→ Material for this exercise:
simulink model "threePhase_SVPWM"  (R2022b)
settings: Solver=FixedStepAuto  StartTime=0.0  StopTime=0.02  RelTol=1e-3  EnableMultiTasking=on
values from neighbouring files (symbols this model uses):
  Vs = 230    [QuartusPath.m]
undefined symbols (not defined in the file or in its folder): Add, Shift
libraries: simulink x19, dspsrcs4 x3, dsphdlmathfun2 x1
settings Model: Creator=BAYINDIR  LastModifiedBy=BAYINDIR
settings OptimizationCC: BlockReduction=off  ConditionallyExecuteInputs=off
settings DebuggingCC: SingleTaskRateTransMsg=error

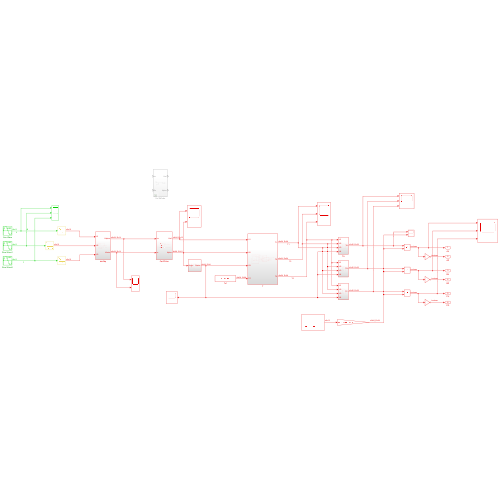
[thumbnail: Simulink's stored preview of the top-level diagram]
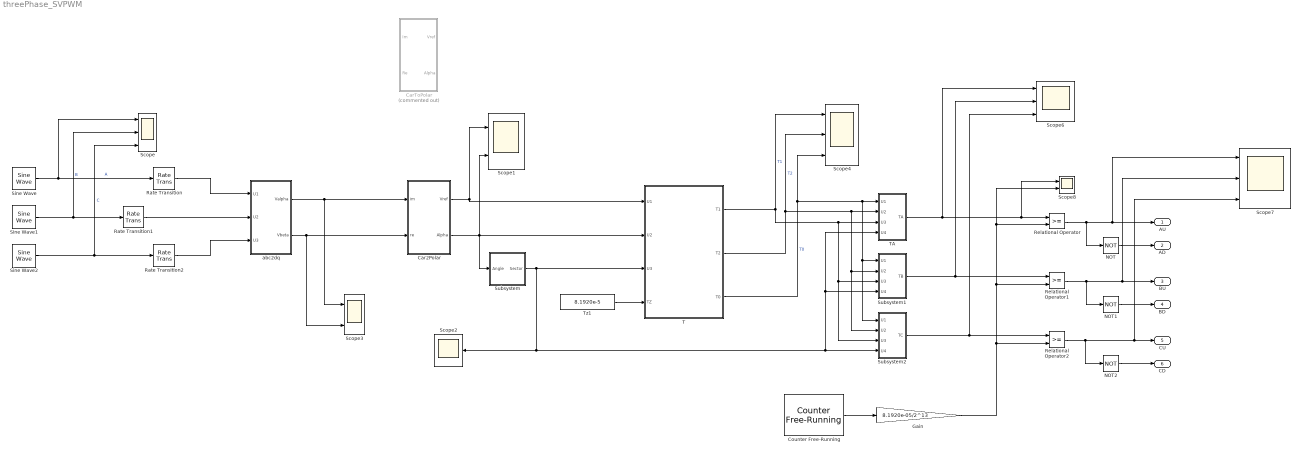
== system threePhase_SVPWM ==
  Car2Polar : Subsystem
  CarToPolar : Subsystem  Commented=on
  Counter Free-Running : simulink/Sources/Counter Free-Running  NumBits=13  tsamp=-1
  Gain : Gain  Gain=8.1920e-05/2^13  ParamDataTypeStr=fixdt(0,32,32)  OutDataTypeStr=fixdt(0,24,24)
  NOT : Logic  Operator=NOT  IconShape=distinctive  AllPortsSameDT=off  OutDataTypeStr=boolean
  NOT1 : Logic  Operator=NOT  IconShape=distinctive  AllPortsSameDT=off  OutDataTypeStr=boolean
  NOT2 : Logic  Operator=NOT  IconShape=distinctive  AllPortsSameDT=off  OutDataTypeStr=boolean
  Rate Transition : RateTransition  OutPortSampleTime=1/100000000
  Rate Transition1 : RateTransition  OutPortSampleTime=1/100000000
  Rate Transition2 : RateTransition  OutPortSampleTime=1/100000000
  Relational Operator : RelationalOperator  OutDataTypeStr=boolean  RndMeth=Simplest  InputSameDT=off
  Relational Operator1 : RelationalOperator  OutDataTypeStr=boolean  RndMeth=Simplest  InputSameDT=off
  Relational Operator2 : RelationalOperator  OutDataTypeStr=boolean  RndMeth=Simplest  InputSameDT=off
  Scope{,4,6..7} (4 alike) : Scope  NumInputPorts=3
  Scope1 : Scope  NumInputPorts=2
  Scope2 : Scope
  Scope3 : Scope  NumInputPorts=2
  Scope8 : Scope  NumInputPorts=2
  Sine Wave : dspsrcs4/Sine Wave  Amplitude=Vs  Frequency=50  Phase=0  SampleMode=Discrete  OutComplex=Real  CompMethod=Table lookup  TableSize=Speed  SampleTime=1/1000000  SamplesPerFrame=1  ResetState=Restart at time zero  OutputFrames=off  dataType=Fixed-point  wordLen=12  udDataType=sfix(16)  fracBitsMode=User-defined  numFracBits=0  OutDataTypeStr=fixdt(1,12,0)  LastOutDataTypeStr=fixdt(1,12,0)
  Sine Wave1 : dspsrcs4/Sine Wave  Amplitude=Vs  Frequency=50  Phase=2*pi/3  SampleMode=Discrete  OutComplex=Real  CompMethod=Table lookup  TableSize=Speed  SampleTime=1/1000000  SamplesPerFrame=1  ResetState=Restart at time zero  OutputFrames=off  dataType=Fixed-point  wordLen=12  udDataType=sfix(16)  fracBitsMode=User-defined  numFracBits=0  OutDataTypeStr=fixdt(1,12,0)  LastOutDataTypeStr=fixdt(1,12,0)
  Sine Wave2 : dspsrcs4/Sine Wave  Amplitude=Vs  Frequency=50  Phase=4*pi/3  SampleMode=Discrete  OutComplex=Real  CompMethod=Table lookup  TableSize=Speed  SampleTime=1/1000000  SamplesPerFrame=1  ResetState=Restart at time zero  OutputFrames=off  dataType=Fixed-point  wordLen=12  udDataType=sfix(16)  fracBitsMode=User-defined  numFracBits=0  OutDataTypeStr=fixdt(1,12,0)  LastOutDataTypeStr=fixdt(1,12,0)
  Subsystem : Subsystem
  Subsystem1 : Subsystem
  Subsystem2 : Subsystem
  T : Subsystem
  TA : Subsystem
  Tz1 : Constant  Value=8.1920e-5  OutDataTypeStr=fixdt(0,24,24)  SampleTime=-1
  abc2dq : Subsystem
  AU : Outport
  AD : Outport  Port=2
  BU : Outport  Port=3
  BD : Outport  Port=4
  CU : Outport  Port=5
  CD : Outport  Port=6
  wires:
  Sine Wave/1 -> Rate Transition/1, Scope/1  "A"
  Sine Wave1/1 -> Rate Transition1/1, Scope/2  "B"
  Sine Wave2/1 -> Rate Transition2/1, Scope/3  "C"
  Rate Transition/1 -> abc2dq/1(U1)
  Rate Transition1/1 -> abc2dq/2(U2)
  Rate Transition2/1 -> abc2dq/3(U3)
  Car2Polar/1(Vref) -> Scope1/1, T/1(U1)
  Car2Polar/2(Alpha) -> Scope1/2, Subsystem/1(Angle), T/2(U2)
  Subsystem/1(Sector) -> T/3(U3), TA/4(U4), Subsystem1/4(U4), Subsystem2/4(U4), Scope2/1
  Tz1/1 -> T/4(TZ)
  T/1(T1) -> TA/3(U3), Subsystem2/3(U3), Subsystem1/3(U3), Scope4/1  "T1"
  T/2(T2) -> Scope4/2, Subsystem1/2(U2), Subsystem2/2(U2), TA/2(U2)  "T2"
  T/3(T0) -> Scope4/3, Subsystem2/1(U1), Subsystem1/1(U1), TA/1(U1)  "T0"
  TA/1(TA) -> Scope8/1, Relational Operator/1, Scope6/1
  abc2dq/2(Vbeta) -> Car2Polar/2(re), Scope3/2
  abc2dq/1(Valpha) -> Scope3/1, Car2Polar/1(im)
  Subsystem1/1(TB) -> Relational Operator1/1, Scope6/2
  Subsystem2/1(TC) -> Relational Operator2/1, Scope6/3
  Counter Free-Running/1 -> Gain/1
  Relational Operator/1 -> NOT/1, Scope7/1, AU/1
  NOT/1 -> AD/1
  NOT1/1 -> BD/1
  Relational Operator1/1 -> NOT1/1, Scope7/2, BU/1
  Relational Operator2/1 -> Scope7/3, CU/1, NOT2/1
  NOT2/1 -> CD/1
  Gain/1 -> Scope8/2, Relational Operator/2, Relational Operator1/2, Relational Operator2/2

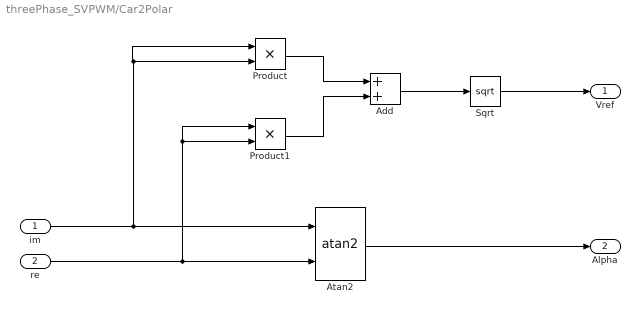
== system threePhase_SVPWM/Car2Polar ==
  im : Inport
  re : Inport  Port=2
  Add : Sum  OutDataTypeStr=fixdt(0,24,8)
  Atan2 : Trigonometry  Operator=atan2  ApproximationMethod=CORDIC  NumberOfIterations=13
  Product : Product  OutDataTypeStr=fixdt(1,48,28)
  Product1 : Product  OutDataTypeStr=fixdt(1,48,28)
  Sqrt : Sqrt  OutDataTypeStr=fixdt(0,24,12)
  Vref : Outport
  Alpha : Outport  Port=2
  wires:
  re/1 -> Product1/2, Product1/1, Atan2/2
  Atan2/1 -> Alpha/1
  im/1 -> Product/2, Product/1, Atan2/1
  Product/1 -> Add/1
  Product1/1 -> Add/2
  Add/1 -> Sqrt/1
  Sqrt/1 -> Vref/1

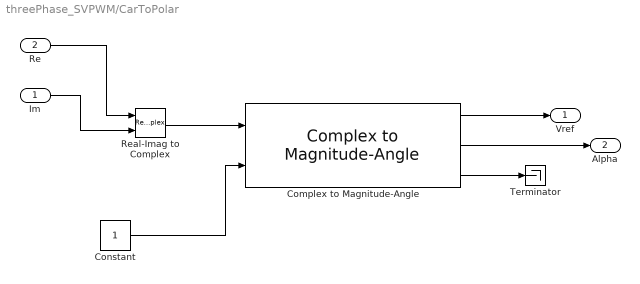
== system threePhase_SVPWM/CarToPolar ==
  Im : Inport
  Re : Inport  Port=2
  Complex to Magnitude-Angle : dsphdlmathfun2/Complex to Magnitude-Angle  NumIterationsSource=Property  NumIterations=12  OutputFormat=Magnitude and angle  AngleFormat=Radians  ScaleOutput=on  ScalingMethod=Shift-Add  SimulateUsing=Code generation
  Constant : Constant  OutDataTypeStr=boolean  SampleTime=-1
  Real-Imag to Complex : RealImagToComplex
  Terminator : Terminator
  Vref : Outport
  Alpha : Outport  Port=2
  wires:
  Im/1 -> Real-Imag to Complex/2
  Real-Imag to Complex/1 -> Complex to Magnitude-Angle/1
  Complex to Magnitude-Angle/3 -> Terminator/1
  Complex to Magnitude-Angle/2 -> Alpha/1
  Re/1 -> Real-Imag to Complex/1
  Constant/1 -> Complex to Magnitude-Angle/2
  Complex to Magnitude-Angle/1 -> Vref/1

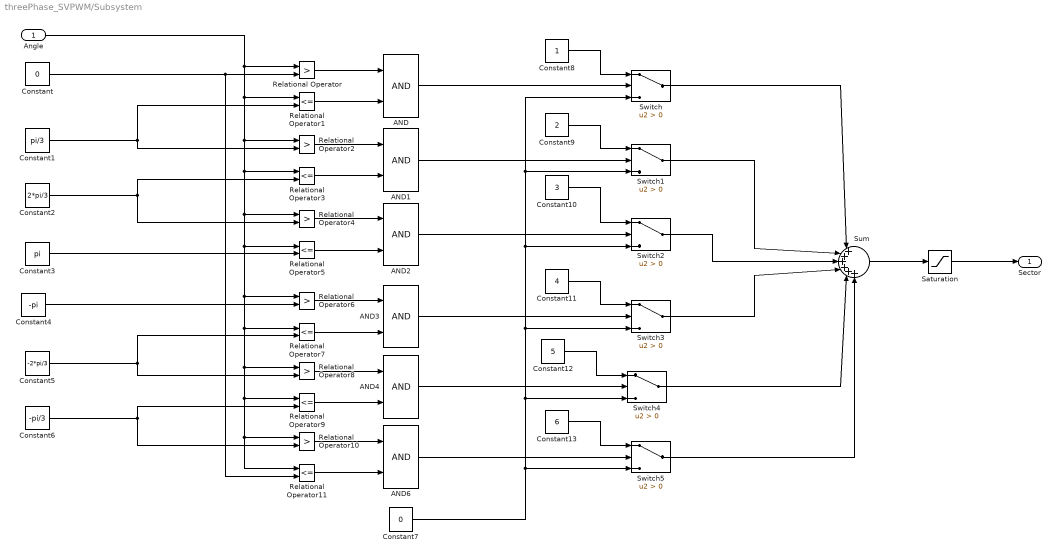
== system threePhase_SVPWM/Subsystem ==
  Angle : Inport
  AND{,1..4,6} (6 alike) : Logic  IconShape=distinctive  AllPortsSameDT=off  OutDataTypeStr=boolean
  Constant : Constant  Value=0  OutDataTypeStr=fixdt(1,27,24)  SampleTime=-1
  Constant1 : Constant  Value=pi/3  OutDataTypeStr=fixdt(1,27,24)  SampleTime=-1
  Constant10 : Constant  Value=3  OutDataTypeStr=fixdt(1,16,8)  SampleTime=-1
  Constant11 : Constant  Value=4  OutDataTypeStr=fixdt(1,16,8)  SampleTime=-1
  Constant12 : Constant  Value=5  OutDataTypeStr=fixdt(1,16,8)  SampleTime=-1
  Constant13 : Constant  Value=6  OutDataTypeStr=fixdt(1,16,8)  SampleTime=-1
  Constant2 : Constant  Value=2*pi/3  OutDataTypeStr=fixdt(1,27,24)  SampleTime=-1
  Constant3 : Constant  Value=pi  OutDataTypeStr=fixdt(1,27,24)  SampleTime=-1
  Constant4 : Constant  Value=-pi  OutDataTypeStr=fixdt(1,27,24)  SampleTime=-1
  Constant5 : Constant  Value=-2*pi/3  OutDataTypeStr=fixdt(1,27,24)  SampleTime=-1
  Constant6 : Constant  Value=-pi/3  OutDataTypeStr=fixdt(1,27,24)  SampleTime=-1
  Constant7 : Constant  Value=0  OutDataTypeStr=fixdt(1,16,8)  SampleTime=-1
  Constant8 : Constant  OutDataTypeStr=fixdt(1,16,8)  SampleTime=-1
  Constant9 : Constant  Value=2  OutDataTypeStr=fixdt(1,16,8)  SampleTime=-1
  Relational Operator{,2,4,6,8,10} (6 alike) : RelationalOperator  Operator=>  OutDataTypeStr=boolean  RndMeth=Simplest  InputSameDT=off
  Relational Operator{1,3,5,7,9,11} (6 alike) : RelationalOperator  Operator=<=  OutDataTypeStr=boolean  RndMeth=Simplest  InputSameDT=off
  Saturation : Saturate  UpperLimit=6  LowerLimit=1
  Sum : Sum  Inputs=|++++++  OutDataTypeStr=fixdt(0,16,8)
  Switch{,1..5} (6 alike) : Switch  Criteria=u2 > Threshold  SaturateOnIntegerOverflow=off  InputSameDT=off
  Sector : Outport
  wires:
  Angle/1 -> Relational Operator/1, Relational Operator10/1, Relational Operator11/1, Relational Operator9/1, Relational Operator8/1, Relational Operator7/1, Relational Operator6/1, Relational Operator5/1, Relational Operator4/1, Relational Operator3/1, Relational Operator2/1, Relational Operator1/1
  Relational Operator/1 -> AND/1
  AND4/1 -> Switch4/2
  Constant7/1 -> Switch5/3, Switch4/3, Switch3/3, Switch2/3, Switch1/3, Switch/3
  Saturation/1 -> Sector/1
  Constant9/1 -> Switch1/1
  Constant5/1 -> Relational Operator7/2, Relational Operator8/2
  Relational Operator6/1 -> AND3/1
  Constant1/1 -> Relational Operator2/2, Relational Operator1/2
  Switch1/1 -> Sum/2
  Relational Operator11/1 -> AND6/2
  Constant3/1 -> Relational Operator5/2
  Switch/1 -> Sum/1
  Sum/1 -> Saturation/1
  Constant10/1 -> Switch2/1
  Relational Operator5/1 -> AND2/2
  Constant13/1 -> Switch5/1
  Constant8/1 -> Switch/1
  Switch2/1 -> Sum/3
  AND1/1 -> Switch1/2
  AND6/1 -> Switch5/2
  Relational Operator10/1 -> AND6/1
  Switch5/1 -> Sum/6
  Constant2/1 -> Relational Operator4/2, Relational Operator3/2
  Relational Operator1/1 -> AND/2
  Constant4/1 -> Relational Operator6/2
  Relational Operator4/1 -> AND2/1
  Constant/1 -> Relational Operator11/2, Relational Operator/2
  Constant6/1 -> Relational Operator9/2, Relational Operator10/2
  Switch4/1 -> Sum/5
  Constant12/1 -> Switch4/1
  Constant11/1 -> Switch3/1
  Relational Operator7/1 -> AND3/2
  AND3/1 -> Switch3/2
  AND/1 -> Switch/2
  Switch3/1 -> Sum/4
  Relational Operator9/1 -> AND4/2
  Relational Operator3/1 -> AND1/2
  Relational Operator2/1 -> AND1/1
  AND2/1 -> Switch2/2
  Relational Operator8/1 -> AND4/1

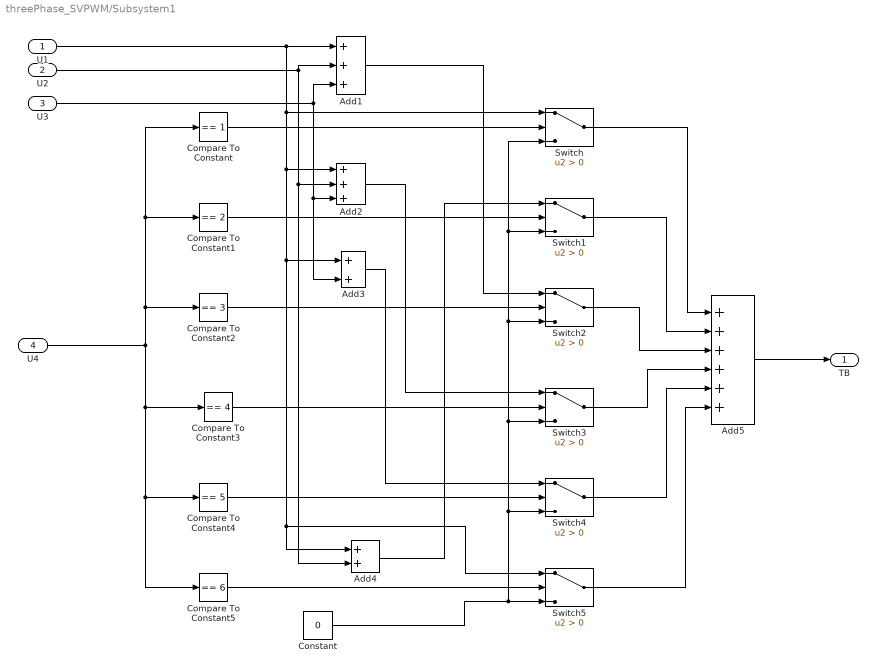
== system threePhase_SVPWM/Subsystem1 ==
  U1 : Inport
  U2 : Inport  Port=2
  U3 : Inport  Port=3
  U4 : Inport  Port=4
  Add1 : Sum  Inputs=+++  OutDataTypeStr=fixdt(0,24,24)
  Add2 : Sum  Inputs=+++  OutDataTypeStr=fixdt(0,24,24)
  Add3 : Sum  OutDataTypeStr=fixdt(0,24,24)
  Add4 : Sum  OutDataTypeStr=fixdt(0,24,24)
  Add5 : Sum  Inputs=++++++  OutDataTypeStr=fixdt(0,32,32)
  Compare To Constant : simulink/Logic and Bit Operations/Compare To Constant  relop===  const=1  OutDataTypeStr=boolean
  Compare To Constant1 : simulink/Logic and Bit Operations/Compare To Constant  relop===  const=2  OutDataTypeStr=boolean
  Compare To Constant2 : simulink/Logic and Bit Operations/Compare To Constant  relop===  const=3  OutDataTypeStr=boolean
  Compare To Constant3 : simulink/Logic and Bit Operations/Compare To Constant  relop===  const=4  OutDataTypeStr=boolean
  Compare To Constant4 : simulink/Logic and Bit Operations/Compare To Constant  relop===  const=5  OutDataTypeStr=boolean
  Compare To Constant5 : simulink/Logic and Bit Operations/Compare To Constant  relop===  const=6  OutDataTypeStr=boolean
  Constant : Constant  Value=0  OutDataTypeStr=uint8  SampleTime=-1
  Switch{,1..5} (6 alike) : Switch  Criteria=u2 > Threshold  OutDataTypeStr=fixdt(0,24,24)  SaturateOnIntegerOverflow=off  InputSameDT=off
  TB : Outport
  wires:
  U1/1 -> Switch5/1, Add4/1, Add3/1, Add2/1, Switch/1, Add1/1
  Compare To Constant4/1 -> Switch4/2
  Switch4/1 -> Add5/5
  Switch1/1 -> Add5/2
  U4/1 -> Compare To Constant2/1, Compare To Constant1/1, Compare To Constant/1, Compare To Constant4/1, Compare To Constant5/1, Compare To Constant3/1
  Compare To Constant1/1 -> Switch1/2
  Compare To Constant/1 -> Switch/2
  Constant/1 -> Switch4/3, Switch3/3, Switch2/3, Switch1/3, Switch/3, Switch5/3
  U2/1 -> Add2/2, Add4/2, Add1/2
  Compare To Constant5/1 -> Switch5/2
  Compare To Constant2/1 -> Switch2/2
  Switch5/1 -> Add5/6
  Switch/1 -> Add5/1
  Compare To Constant3/1 -> Switch3/2
  Switch2/1 -> Add5/3
  Switch3/1 -> Add5/4
  U3/1 -> Add1/3, Add2/3, Add3/2
  Add5/1 -> TB/1
  Add4/1 -> Switch1/1
  Add1/1 -> Switch2/1
  Add2/1 -> Switch3/1
  Add3/1 -> Switch4/1

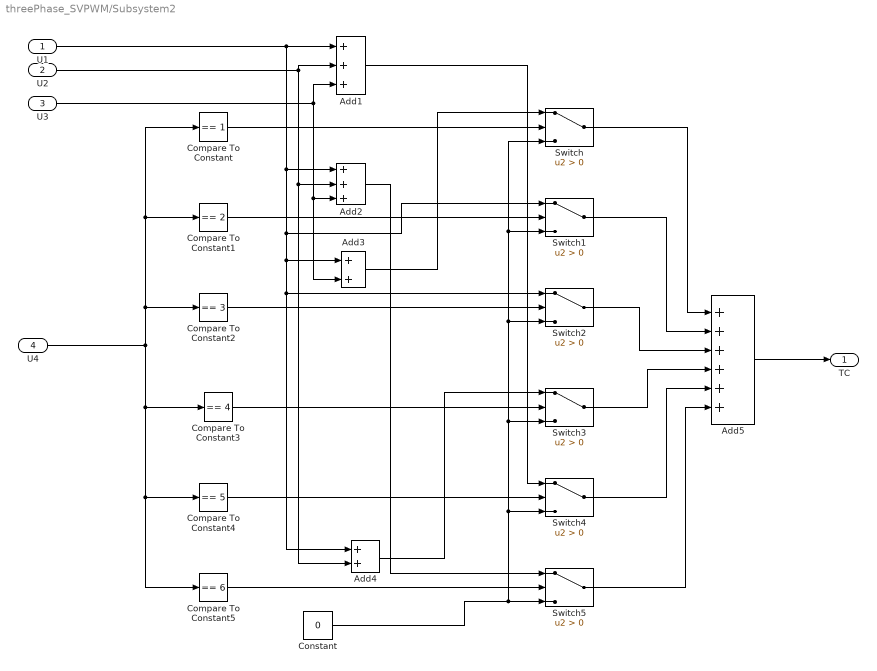
== system threePhase_SVPWM/Subsystem2 ==
  U1 : Inport
  U2 : Inport  Port=2
  U3 : Inport  Port=3
  U4 : Inport  Port=4
  Add1 : Sum  Inputs=+++  OutDataTypeStr=fixdt(0,24,24)
  Add2 : Sum  Inputs=+++  OutDataTypeStr=fixdt(0,24,24)
  Add3 : Sum  OutDataTypeStr=fixdt(0,24,24)
  Add4 : Sum  OutDataTypeStr=fixdt(0,24,24)
  Add5 : Sum  Inputs=++++++  OutDataTypeStr=fixdt(0,32,32)
  Compare To Constant : simulink/Logic and Bit Operations/Compare To Constant  relop===  const=1  OutDataTypeStr=boolean
  Compare To Constant1 : simulink/Logic and Bit Operations/Compare To Constant  relop===  const=2  OutDataTypeStr=boolean
  Compare To Constant2 : simulink/Logic and Bit Operations/Compare To Constant  relop===  const=3  OutDataTypeStr=boolean
  Compare To Constant3 : simulink/Logic and Bit Operations/Compare To Constant  relop===  const=4  OutDataTypeStr=boolean
  Compare To Constant4 : simulink/Logic and Bit Operations/Compare To Constant  relop===  const=5  OutDataTypeStr=boolean
  Compare To Constant5 : simulink/Logic and Bit Operations/Compare To Constant  relop===  const=6  OutDataTypeStr=boolean
  Constant : Constant  Value=0  OutDataTypeStr=uint8  SampleTime=-1
  Switch{,1..5} (6 alike) : Switch  Criteria=u2 > Threshold  OutDataTypeStr=fixdt(0,24,24)  SaturateOnIntegerOverflow=off  InputSameDT=off
  TC : Outport
  wires:
  U1/1 -> Add3/1, Add4/1, Switch2/1, Switch1/1, Add2/1, Add1/1
  Compare To Constant4/1 -> Switch4/2
  Switch4/1 -> Add5/5
  Switch1/1 -> Add5/2
  U4/1 -> Compare To Constant2/1, Compare To Constant1/1, Compare To Constant/1, Compare To Constant4/1, Compare To Constant5/1, Compare To Constant3/1
  Compare To Constant1/1 -> Switch1/2
  Compare To Constant/1 -> Switch/2
  Constant/1 -> Switch4/3, Switch3/3, Switch2/3, Switch1/3, Switch/3, Switch5/3
  U2/1 -> Add2/2, Add4/2, Add1/2
  Compare To Constant5/1 -> Switch5/2
  Compare To Constant2/1 -> Switch2/2
  Switch5/1 -> Add5/6
  Switch/1 -> Add5/1
  Compare To Constant3/1 -> Switch3/2
  Switch2/1 -> Add5/3
  Switch3/1 -> Add5/4
  U3/1 -> Add1/3, Add2/3, Add3/2
  Add5/1 -> TC/1
  Add3/1 -> Switch/1
  Add4/1 -> Switch3/1
  Add1/1 -> Switch4/1
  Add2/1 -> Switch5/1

→ Task to carry out: Only one part of the material above is to be transcribed, namely the lines starting with the line that has "Rate Transition : RateTransition" and going on through the line that has "Subsystem2 : Subsystem", exactly as they stand.

→ Solved exercise:
  Rate Transition : RateTransition  OutPortSampleTime=1/100000000
  Rate Transition1 : RateTransition  OutPortSampleTime=1/100000000
  Rate Transition2 : RateTransition  OutPortSampleTime=1/100000000
  Relational Operator : RelationalOperator  OutDataTypeStr=boolean  RndMeth=Simplest  InputSameDT=off
  Relational Operator1 : RelationalOperator  OutDataTypeStr=boolean  RndMeth=Simplest  InputSameDT=off
  Relational Operator2 : RelationalOperator  OutDataTypeStr=boolean  RndMeth=Simplest  InputSameDT=off
  Scope{,4,6..7} (4 alike) : Scope  NumInputPorts=3
  Scope1 : Scope  NumInputPorts=2
  Scope2 : Scope
  Scope3 : Scope  NumInputPorts=2
  Scope8 : Scope  NumInputPorts=2
  Sine Wave : dspsrcs4/Sine Wave  Amplitude=Vs  Frequency=50  Phase=0  SampleMode=Discrete  OutComplex=Real  CompMethod=Table lookup  TableSize=Speed  SampleTime=1/1000000  SamplesPerFrame=1  ResetState=Restart at time zero  OutputFrames=off  dataType=Fixed-point  wordLen=12  udDataType=sfix(16)  fracBitsMode=User-defined  numFracBits=0  OutDataTypeStr=fixdt(1,12,0)  LastOutDataTypeStr=fixdt(1,12,0)
  Sine Wave1 : dspsrcs4/Sine Wave  Amplitude=Vs  Frequency=50  Phase=2*pi/3  SampleMode=Discrete  OutComplex=Real  CompMethod=Table lookup  TableSize=Speed  SampleTime=1/1000000  SamplesPerFrame=1  ResetState=Restart at time zero  OutputFrames=off  dataType=Fixed-point  wordLen=12  udDataType=sfix(16)  fracBitsMode=User-defined  numFracBits=0  OutDataTypeStr=fixdt(1,12,0)  LastOutDataTypeStr=fixdt(1,12,0)
  Sine Wave2 : dspsrcs4/Sine Wave  Amplitude=Vs  Frequency=50  Phase=4*pi/3  SampleMode=Discrete  OutComplex=Real  CompMethod=Table lookup  TableSize=Speed  SampleTime=1/1000000  SamplesPerFrame=1  ResetState=Restart at time zero  OutputFrames=off  dataType=Fixed-point  wordLen=12  udDataType=sfix(16)  fracBitsMode=User-defined  numFracBits=0  OutDataTypeStr=fixdt(1,12,0)  LastOutDataTypeStr=fixdt(1,12,0)
  Subsystem : Subsystem
  Subsystem1 : Subsystem
  Subsystem2 : Subsystem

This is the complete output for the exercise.